18:30 Pull up a groove and get fabulous! (AKA registration – please arrive early) 19:00 Scheduled talk: “Automated Theorem Proving: A Technology Roadmap” 20:00 Pizza pizza pizza pizza pizza! (Stimulating conversation encouraged…) 21:00 Event close – you don’t have to go home, but you can’t stay here!

  • 8th March 2023 - 8th March 2023
  • 6:30 pm - 9:00 pm

Where

Bradfield Centre

184 Cambridge Science Park

Milton Road

Cambridge

CB4 0GA

When

Wednesday, 8 March 2023

Tickets

  • Please note that this is a ticket only event – you must have a ticket to attend
  • Tickets are £11.80 + VAT and may be purchased here
  • PLACES ARE STRICTLY LIMITED – PLEASE BOOK EARLY TO AVOID MISSING OUT!

Agenda

18:30 Pull up a groove and get fabulous! (AKA registration – please arrive early)

19:00 Scheduled talk: “Automated Theorem Proving: A Technology Roadmap”

20:00 Pizza pizza pizza pizza pizza! (Stimulating conversation encouraged…)

21:00 Event close – you don’t have to go home, but you can’t stay here!

Introduction

With the November 2022 release of OpenAI’s ChatGPT, the rate of advance in AI has seemingly gone from meteoric to meteoric on steroids. But many commentators have expressed doubts that Large Language Models such as ChatGPT are truly intelligent.

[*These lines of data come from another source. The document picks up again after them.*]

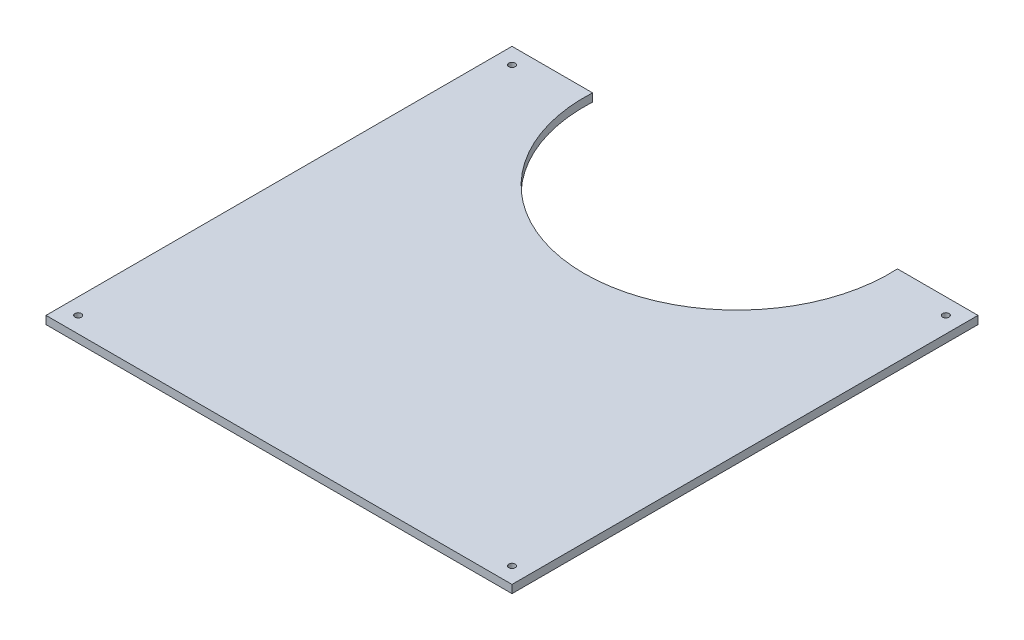
ISO-10303-21;
HEADER;
FILE_DESCRIPTION(('STEP AP214'),'2;1');
FILE_NAME('part.step','',(''),(''),'','','');
FILE_SCHEMA(('AUTOMOTIVE_DESIGN { 1 0 10303 214 1 1 1 1 }'));
ENDSEC;
DATA;
#1=APPLICATION_CONTEXT('core data for automotive mechanical design processes');
#2=APPLICATION_PROTOCOL_DEFINITION('international standard','automotive_design',2000,#1);
#3=PRODUCT_CONTEXT('',#1,'mechanical');
#4=PRODUCT('Part','Part','',(#3));
#5=PRODUCT_RELATED_PRODUCT_CATEGORY('part','',(#4));
#6=PRODUCT_DEFINITION_FORMATION('','',#4);
#7=PRODUCT_DEFINITION_CONTEXT('part definition',#1,'design');
#8=PRODUCT_DEFINITION('design','',#6,#7);
#9=PRODUCT_DEFINITION_SHAPE('','',#8);
#10=(LENGTH_UNIT() NAMED_UNIT(*) SI_UNIT(.MILLI.,.METRE.));
#11=(NAMED_UNIT(*) PLANE_ANGLE_UNIT() SI_UNIT($,.RADIAN.));
#12=(NAMED_UNIT(*) SI_UNIT($,.STERADIAN.) SOLID_ANGLE_UNIT());
#13=UNCERTAINTY_MEASURE_WITH_UNIT(LENGTH_MEASURE(1.E-05),#10,'distance_accuracy_value','');
#14=(GEOMETRIC_REPRESENTATION_CONTEXT(3) GLOBAL_UNCERTAINTY_ASSIGNED_CONTEXT((#13)) GLOBAL_UNIT_ASSIGNED_CONTEXT((#10,
#11,#12)) REPRESENTATION_CONTEXT('',''));
#15=CARTESIAN_POINT('',(0.,0.,0.));
#16=DIRECTION('',(0.,0.,1.));
#17=DIRECTION('',(1.,0.,0.));
#18=AXIS2_PLACEMENT_3D('',#15,#16,#17);
#19=CARTESIAN_POINT('',(0.,5.,0.));
#20=DIRECTION('',(1.,0.,0.));
#21=DIRECTION('',(0.,0.,-1.));
#22=AXIS2_PLACEMENT_3D('',#19,#20,#21);
#23=PLANE('',#22);
#24=DIRECTION('',(0.,0.,1.));
#25=VECTOR('',#24,1.);
#26=CARTESIAN_POINT('',(0.,0.,0.));
#27=LINE('',#26,#25);
#28=CARTESIAN_POINT('',(0.,0.,-290.));
#29=VERTEX_POINT('',#28);
#30=CARTESIAN_POINT('',(0.,0.,0.));
#31=VERTEX_POINT('',#30);
#32=EDGE_CURVE('E119',#29,#31,#27,.T.);
#33=ORIENTED_EDGE('',*,*,#32,.T.);
#34=DIRECTION('',(0.,-1.,0.));
#35=VECTOR('',#34,1.);
#36=CARTESIAN_POINT('',(0.,5.,0.));
#37=LINE('',#36,#35);
#38=CARTESIAN_POINT('',(0.,5.,0.));
#39=VERTEX_POINT('',#38);
#40=EDGE_CURVE('E11',#39,#31,#37,.T.);
#41=ORIENTED_EDGE('',*,*,#40,.F.);
#42=DIRECTION('',(0.,0.,1.));
#43=VECTOR('',#42,1.);
#44=CARTESIAN_POINT('',(0.,5.,0.));
#45=LINE('',#44,#43);
#46=CARTESIAN_POINT('',(0.,5.,-290.));
#47=VERTEX_POINT('',#46);
#48=EDGE_CURVE('E130',#47,#39,#45,.T.);
#49=ORIENTED_EDGE('',*,*,#48,.F.);
#50=DIRECTION('',(0.,-1.,0.));
#51=VECTOR('',#50,1.);
#52=CARTESIAN_POINT('',(0.,5.,-290.));
#53=LINE('',#52,#51);
#54=EDGE_CURVE('E115',#47,#29,#53,.T.);
#55=ORIENTED_EDGE('',*,*,#54,.T.);
#56=EDGE_LOOP('',(#33,#41,#49,#55));
#57=FACE_BOUND('',#56,.T.);
#58=ADVANCED_FACE('F33',(#57),#23,.F.);
#59=CARTESIAN_POINT('',(0.,5.,0.));
#60=DIRECTION('',(0.,0.,-1.));
#61=DIRECTION('',(-1.,0.,0.));
#62=AXIS2_PLACEMENT_3D('',#59,#60,#61);
#63=PLANE('',#62);
#64=DIRECTION('',(1.,0.,0.));
#65=VECTOR('',#64,1.);
#66=CARTESIAN_POINT('',(0.,0.,0.));
#67=LINE('',#66,#65);
#68=CARTESIAN_POINT('',(290.,0.,0.));
#69=VERTEX_POINT('',#68);
#70=EDGE_CURVE('E122',#31,#69,#67,.T.);
#71=ORIENTED_EDGE('',*,*,#70,.T.);
#72=DIRECTION('',(0.,-1.,0.));
#73=VECTOR('',#72,1.);
#74=CARTESIAN_POINT('',(290.,5.,0.));
#75=LINE('',#74,#73);
#76=CARTESIAN_POINT('',(290.,5.,0.));
#77=VERTEX_POINT('',#76);
#78=EDGE_CURVE('E42',#77,#69,#75,.T.);
#79=ORIENTED_EDGE('',*,*,#78,.F.);
#80=DIRECTION('',(1.,0.,0.));
#81=VECTOR('',#80,1.);
#82=CARTESIAN_POINT('',(0.,5.,0.));
#83=LINE('',#82,#81);
#84=EDGE_CURVE('E88',#39,#77,#83,.T.);
#85=ORIENTED_EDGE('',*,*,#84,.F.);
#86=ORIENTED_EDGE('',*,*,#40,.T.);
#87=EDGE_LOOP('',(#71,#79,#85,#86));
#88=FACE_BOUND('',#87,.T.);
#89=ADVANCED_FACE('F162',(#88),#63,.F.);
#90=CARTESIAN_POINT('',(290.,5.,0.));
#91=DIRECTION('',(-1.,0.,0.));
#92=DIRECTION('',(0.,0.,1.));
#93=AXIS2_PLACEMENT_3D('',#90,#91,#92);
#94=PLANE('',#93);
#95=DIRECTION('',(0.,0.,-1.));
#96=VECTOR('',#95,1.);
#97=CARTESIAN_POINT('',(290.,0.,0.));
#98=LINE('',#97,#96);
#99=CARTESIAN_POINT('',(290.,0.,-290.));
#100=VERTEX_POINT('',#99);
#101=EDGE_CURVE('E125',#69,#100,#98,.T.);
#102=ORIENTED_EDGE('',*,*,#101,.T.);
#103=DIRECTION('',(0.,-1.,0.));
#104=VECTOR('',#103,1.);
#105=CARTESIAN_POINT('',(290.,5.,-290.));
#106=LINE('',#105,#104);
#107=CARTESIAN_POINT('',(290.,5.,-290.));
#108=VERTEX_POINT('',#107);
#109=EDGE_CURVE('E110',#108,#100,#106,.T.);
#110=ORIENTED_EDGE('',*,*,#109,.F.);
#111=DIRECTION('',(0.,0.,-1.));
#112=VECTOR('',#111,1.);
#113=CARTESIAN_POINT('',(290.,5.,0.));
#114=LINE('',#113,#112);
#115=EDGE_CURVE('E101',#77,#108,#114,.T.);
#116=ORIENTED_EDGE('',*,*,#115,.F.);
#117=ORIENTED_EDGE('',*,*,#78,.T.);
#118=EDGE_LOOP('',(#102,#110,#116,#117));
#119=FACE_BOUND('',#118,.T.);
#120=ADVANCED_FACE('F165',(#119),#94,.F.);
#121=CARTESIAN_POINT('',(239.868329805051,5.,-290.));
#122=DIRECTION('',(0.,0.,1.));
#123=DIRECTION('',(1.,0.,0.));
#124=AXIS2_PLACEMENT_3D('',#121,#122,#123);
#125=PLANE('',#124);
#126=DIRECTION('',(-1.,0.,0.));
#127=VECTOR('',#126,1.);
#128=CARTESIAN_POINT('',(239.868329805051,0.,-290.));
#129=LINE('',#128,#127);
#130=CARTESIAN_POINT('',(239.868329805051,0.,-290.));
#131=VERTEX_POINT('',#130);
#132=EDGE_CURVE('E109',#100,#131,#129,.T.);
#133=ORIENTED_EDGE('',*,*,#132,.T.);
#134=DIRECTION('',(0.,-1.,0.));
#135=VECTOR('',#134,1.);
#136=CARTESIAN_POINT('',(239.868329805051,5.,-290.));
#137=LINE('',#136,#135);
#138=CARTESIAN_POINT('',(239.868329805051,5.,-290.));
#139=VERTEX_POINT('',#138);
#140=EDGE_CURVE('E106',#139,#131,#137,.T.);
#141=ORIENTED_EDGE('',*,*,#140,.F.);
#142=DIRECTION('',(-1.,0.,0.));
#143=VECTOR('',#142,1.);
#144=CARTESIAN_POINT('',(239.868329805051,5.,-290.));
#145=LINE('',#144,#143);
#146=EDGE_CURVE('E95',#108,#139,#145,.T.);
#147=ORIENTED_EDGE('',*,*,#146,.F.);
#148=ORIENTED_EDGE('',*,*,#109,.T.);
#149=EDGE_LOOP('',(#133,#141,#147,#148));
#150=FACE_BOUND('',#149,.T.);
#151=ADVANCED_FACE('F107',(#150),#125,.F.);
#152=CARTESIAN_POINT('',(145.,5.,-285.));
#153=DIRECTION('',(0.,-1.,0.));
#154=DIRECTION('',(0.,0.,-1.));
#155=AXIS2_PLACEMENT_3D('',#152,#153,#154);
#156=CYLINDRICAL_SURFACE('',#155,95.);
#157=CARTESIAN_POINT('',(145.,0.,-285.));
#158=DIRECTION('',(0.,-1.,0.));
#159=DIRECTION('',(0.,0.,1.));
#160=AXIS2_PLACEMENT_3D('',#157,#158,#159);
#161=CIRCLE('',#160,95.);
#162=CARTESIAN_POINT('',(50.1316701949486,0.,-290.));
#163=VERTEX_POINT('',#162);
#164=EDGE_CURVE('E74',#131,#163,#161,.T.);
#165=ORIENTED_EDGE('',*,*,#164,.T.);
#166=DIRECTION('',(0.,-1.,0.));
#167=VECTOR('',#166,1.);
#168=CARTESIAN_POINT('',(50.1316701949486,5.,-290.));
#169=LINE('',#168,#167);
#170=CARTESIAN_POINT('',(50.1316701949486,5.,-290.));
#171=VERTEX_POINT('',#170);
#172=EDGE_CURVE('E111',#171,#163,#169,.T.);
#173=ORIENTED_EDGE('',*,*,#172,.F.);
#174=CARTESIAN_POINT('',(145.,5.,-285.));
#175=DIRECTION('',(0.,-1.,0.));
#176=DIRECTION('',(0.,0.,1.));
#177=AXIS2_PLACEMENT_3D('',#174,#175,#176);
#178=CIRCLE('',#177,95.);
#179=EDGE_CURVE('E99',#139,#171,#178,.T.);
#180=ORIENTED_EDGE('',*,*,#179,.F.);
#181=ORIENTED_EDGE('',*,*,#140,.T.);
#182=EDGE_LOOP('',(#165,#173,#180,#181));
#183=FACE_BOUND('',#182,.T.);
#184=ADVANCED_FACE('F113',(#183),#156,.F.);
#185=CARTESIAN_POINT('',(0.,5.,-290.));
#186=DIRECTION('',(0.,0.,1.));
#187=DIRECTION('',(1.,0.,0.));
#188=AXIS2_PLACEMENT_3D('',#185,#186,#187);
#189=PLANE('',#188);
#190=DIRECTION('',(-1.,0.,0.));
#191=VECTOR('',#190,1.);
#192=CARTESIAN_POINT('',(0.,0.,-290.));
#193=LINE('',#192,#191);
#194=EDGE_CURVE('E80',#163,#29,#193,.T.);
#195=ORIENTED_EDGE('',*,*,#194,.T.);
#196=ORIENTED_EDGE('',*,*,#54,.F.);
#197=DIRECTION('',(-1.,0.,0.));
#198=VECTOR('',#197,1.);
#199=CARTESIAN_POINT('',(0.,5.,-290.));
#200=LINE('',#199,#198);
#201=EDGE_CURVE('E51',#171,#47,#200,.T.);
#202=ORIENTED_EDGE('',*,*,#201,.F.);
#203=ORIENTED_EDGE('',*,*,#172,.T.);
#204=EDGE_LOOP('',(#195,#196,#202,#203));
#205=FACE_BOUND('',#204,.T.);
#206=ADVANCED_FACE('F170',(#205),#189,.F.);
#207=CARTESIAN_POINT('',(145.,5.,-285.));
#208=DIRECTION('',(0.,1.,0.));
#209=DIRECTION('',(0.,0.,1.));
#210=AXIS2_PLACEMENT_3D('',#207,#208,#209);
#211=PLANE('',#210);
#212=CARTESIAN_POINT('',(10.,5.,-10.0000000000001));
#213=DIRECTION('',(0.,1.,0.));
#214=DIRECTION('',(0.,0.,-1.));
#215=AXIS2_PLACEMENT_3D('',#212,#213,#214);
#216=CIRCLE('',#215,2.);
#217=CARTESIAN_POINT('',(10.,5.,-12.0000000000001));
#218=VERTEX_POINT('',#217);
#219=EDGE_CURVE('E154',#218,#218,#216,.T.);
#220=ORIENTED_EDGE('',*,*,#219,.F.);
#221=EDGE_LOOP('',(#220));
#222=FACE_BOUND('',#221,.T.);
#223=CARTESIAN_POINT('',(280.,5.,-10.0000000000001));
#224=DIRECTION('',(0.,1.,0.));
#225=DIRECTION('',(0.,0.,1.));
#226=AXIS2_PLACEMENT_3D('',#223,#224,#225);
#227=CIRCLE('',#226,2.);
#228=CARTESIAN_POINT('',(280.,5.,-8.00000000000007));
#229=VERTEX_POINT('',#228);
#230=EDGE_CURVE('E144',#229,#229,#227,.T.);
#231=ORIENTED_EDGE('',*,*,#230,.F.);
#232=EDGE_LOOP('',(#231));
#233=FACE_BOUND('',#232,.T.);
#234=CARTESIAN_POINT('',(280.,5.,-280.));
#235=DIRECTION('',(0.,1.,0.));
#236=DIRECTION('',(0.,0.,-1.));
#237=AXIS2_PLACEMENT_3D('',#234,#235,#236);
#238=CIRCLE('',#237,2.);
#239=CARTESIAN_POINT('',(280.,5.,-282.));
#240=VERTEX_POINT('',#239);
#241=EDGE_CURVE('E141',#240,#240,#238,.T.);
#242=ORIENTED_EDGE('',*,*,#241,.F.);
#243=EDGE_LOOP('',(#242));
#244=FACE_BOUND('',#243,.T.);
#245=CARTESIAN_POINT('',(10.,5.,-280.));
#246=DIRECTION('',(0.,1.,0.));
#247=DIRECTION('',(0.,0.,1.));
#248=AXIS2_PLACEMENT_3D('',#245,#246,#247);
#249=CIRCLE('',#248,2.);
#250=CARTESIAN_POINT('',(10.,5.,-278.));
#251=VERTEX_POINT('',#250);
#252=EDGE_CURVE('E138',#251,#251,#249,.T.);
#253=ORIENTED_EDGE('',*,*,#252,.F.);
#254=EDGE_LOOP('',(#253));
#255=FACE_BOUND('',#254,.T.);
#256=ORIENTED_EDGE('',*,*,#48,.T.);
#257=ORIENTED_EDGE('',*,*,#84,.T.);
#258=ORIENTED_EDGE('',*,*,#115,.T.);
#259=ORIENTED_EDGE('',*,*,#146,.T.);
#260=ORIENTED_EDGE('',*,*,#179,.T.);
#261=ORIENTED_EDGE('',*,*,#201,.T.);
#262=EDGE_LOOP('',(#256,#257,#258,#259,#260,#261));
#263=FACE_BOUND('',#262,.T.);
#264=ADVANCED_FACE('F97',(#222,#233,#244,#255,#263),#211,.T.);
#265=CARTESIAN_POINT('',(145.,0.,-285.));
#266=DIRECTION('',(0.,1.,0.));
#267=DIRECTION('',(0.,0.,1.));
#268=AXIS2_PLACEMENT_3D('',#265,#266,#267);
#269=PLANE('',#268);
#270=CARTESIAN_POINT('',(10.,0.,-10.0000000000001));
#271=DIRECTION('',(0.,1.,0.));
#272=DIRECTION('',(0.,0.,1.));
#273=AXIS2_PLACEMENT_3D('',#270,#271,#272);
#274=CIRCLE('',#273,2.);
#275=CARTESIAN_POINT('',(10.,0.,-8.00000000000006));
#276=VERTEX_POINT('',#275);
#277=EDGE_CURVE('E36',#276,#276,#274,.T.);
#278=ORIENTED_EDGE('',*,*,#277,.T.);
#279=EDGE_LOOP('',(#278));
#280=FACE_BOUND('',#279,.T.);
#281=CARTESIAN_POINT('',(280.,0.,-10.0000000000001));
#282=DIRECTION('',(0.,1.,0.));
#283=DIRECTION('',(0.,0.,1.));
#284=AXIS2_PLACEMENT_3D('',#281,#282,#283);
#285=CIRCLE('',#284,2.);
#286=CARTESIAN_POINT('',(280.,0.,-8.00000000000007));
#287=VERTEX_POINT('',#286);
#288=EDGE_CURVE('E142',#287,#287,#285,.T.);
#289=ORIENTED_EDGE('',*,*,#288,.T.);
#290=EDGE_LOOP('',(#289));
#291=FACE_BOUND('',#290,.T.);
#292=CARTESIAN_POINT('',(280.,0.,-280.));
#293=DIRECTION('',(0.,1.,0.));
#294=DIRECTION('',(0.,0.,1.));
#295=AXIS2_PLACEMENT_3D('',#292,#293,#294);
#296=CIRCLE('',#295,2.);
#297=CARTESIAN_POINT('',(280.,0.,-278.));
#298=VERTEX_POINT('',#297);
#299=EDGE_CURVE('E139',#298,#298,#296,.T.);
#300=ORIENTED_EDGE('',*,*,#299,.T.);
#301=EDGE_LOOP('',(#300));
#302=FACE_BOUND('',#301,.T.);
#303=CARTESIAN_POINT('',(10.,0.,-280.));
#304=DIRECTION('',(0.,1.,0.));
#305=DIRECTION('',(0.,0.,1.));
#306=AXIS2_PLACEMENT_3D('',#303,#304,#305);
#307=CIRCLE('',#306,2.);
#308=CARTESIAN_POINT('',(10.,0.,-278.));
#309=VERTEX_POINT('',#308);
#310=EDGE_CURVE('E123',#309,#309,#307,.T.);
#311=ORIENTED_EDGE('',*,*,#310,.T.);
#312=EDGE_LOOP('',(#311));
#313=FACE_BOUND('',#312,.T.);
#314=ORIENTED_EDGE('',*,*,#32,.F.);
#315=ORIENTED_EDGE('',*,*,#194,.F.);
#316=ORIENTED_EDGE('',*,*,#164,.F.);
#317=ORIENTED_EDGE('',*,*,#132,.F.);
#318=ORIENTED_EDGE('',*,*,#101,.F.);
#319=ORIENTED_EDGE('',*,*,#70,.F.);
#320=EDGE_LOOP('',(#314,#315,#316,#317,#318,#319));
#321=FACE_BOUND('',#320,.T.);
#322=ADVANCED_FACE('F168',(#280,#291,#302,#313,#321),#269,.F.);
#323=CARTESIAN_POINT('',(10.,-5.,-280.));
#324=DIRECTION('',(0.,1.,0.));
#325=DIRECTION('',(0.,0.,1.));
#326=AXIS2_PLACEMENT_3D('',#323,#324,#325);
#327=CYLINDRICAL_SURFACE('',#326,2.);
#328=ORIENTED_EDGE('',*,*,#252,.T.);
#329=EDGE_LOOP('',(#328));
#330=FACE_BOUND('',#329,.T.);
#331=ORIENTED_EDGE('',*,*,#310,.F.);
#332=EDGE_LOOP('',(#331));
#333=FACE_BOUND('',#332,.T.);
#334=ADVANCED_FACE('F218',(#330,#333),#327,.F.);
#335=CARTESIAN_POINT('',(280.,-5.,-280.));
#336=DIRECTION('',(0.,1.,0.));
#337=DIRECTION('',(0.,0.,1.));
#338=AXIS2_PLACEMENT_3D('',#335,#336,#337);
#339=CYLINDRICAL_SURFACE('',#338,2.);
#340=ORIENTED_EDGE('',*,*,#241,.T.);
#341=EDGE_LOOP('',(#340));
#342=FACE_BOUND('',#341,.T.);
#343=ORIENTED_EDGE('',*,*,#299,.F.);
#344=EDGE_LOOP('',(#343));
#345=FACE_BOUND('',#344,.T.);
#346=ADVANCED_FACE('F227',(#342,#345),#339,.F.);
#347=CARTESIAN_POINT('',(280.,-5.,-10.0000000000001));
#348=DIRECTION('',(0.,1.,0.));
#349=DIRECTION('',(0.,0.,1.));
#350=AXIS2_PLACEMENT_3D('',#347,#348,#349);
#351=CYLINDRICAL_SURFACE('',#350,2.);
#352=ORIENTED_EDGE('',*,*,#230,.T.);
#353=EDGE_LOOP('',(#352));
#354=FACE_BOUND('',#353,.T.);
#355=ORIENTED_EDGE('',*,*,#288,.F.);
#356=EDGE_LOOP('',(#355));
#357=FACE_BOUND('',#356,.T.);
#358=ADVANCED_FACE('F237',(#354,#357),#351,.F.);
#359=CARTESIAN_POINT('',(10.,-5.,-10.0000000000001));
#360=DIRECTION('',(0.,1.,0.));
#361=DIRECTION('',(0.,0.,1.));
#362=AXIS2_PLACEMENT_3D('',#359,#360,#361);
#363=CYLINDRICAL_SURFACE('',#362,2.);
#364=ORIENTED_EDGE('',*,*,#219,.T.);
#365=EDGE_LOOP('',(#364));
#366=FACE_BOUND('',#365,.T.);
#367=ORIENTED_EDGE('',*,*,#277,.F.);
#368=EDGE_LOOP('',(#367));
#369=FACE_BOUND('',#368,.T.);
#370=ADVANCED_FACE('F247',(#366,#369),#363,.F.);
#371=CLOSED_SHELL('',(#58,#89,#120,#151,#184,#206,#264,#322,#334,#346,#358,#370));
#372=MANIFOLD_SOLID_BREP('B2',#371);
#373=ADVANCED_BREP_SHAPE_REPRESENTATION('',(#18,#372),#14);
#374=SHAPE_DEFINITION_REPRESENTATION(#9,#373);
ENDSEC;
END-ISO-10303-21;

What do advanced AI systems need in order to be able to think rationally? Not just give the impression that they are doing so (to a lay and impressionable observer), but for real…?

Consider the following: If all cats are crazy, and Jonathan is a cat, then Jonathan is crazy.

This is an example of deduction, one of the three primary modes of reasoning (along with induction and abduction) underlying critical thought and general problem solving. Any advanced AI system currently on the drawing board with ambitions of becoming a general problem solver, or AGI (Artificial General Intelligence), will unavoidably need to perform reliable deduction somehow, either as an explicit high-level function or as an emergent property of its low-level behaviour, and every AI researcher with an interest in AGI – or AI company with ambitions to become an AGI company – needs to know about deduction.

The art of getting a mindless automaton (a.k.a. computer) to perform deduction is called Automated Theorem Proving (ATP), and Professor Paulson has been a recognised world leader in ATP for over 40 years. Who better than Professor Paulson to deliver the inaugural CAIS talk at the Bradfield Centre, Cambridge, on Wednesday 8 March? No one, that’s who!

About the talk

Title: “Automated Theorem Proving: a Technology Roadmap”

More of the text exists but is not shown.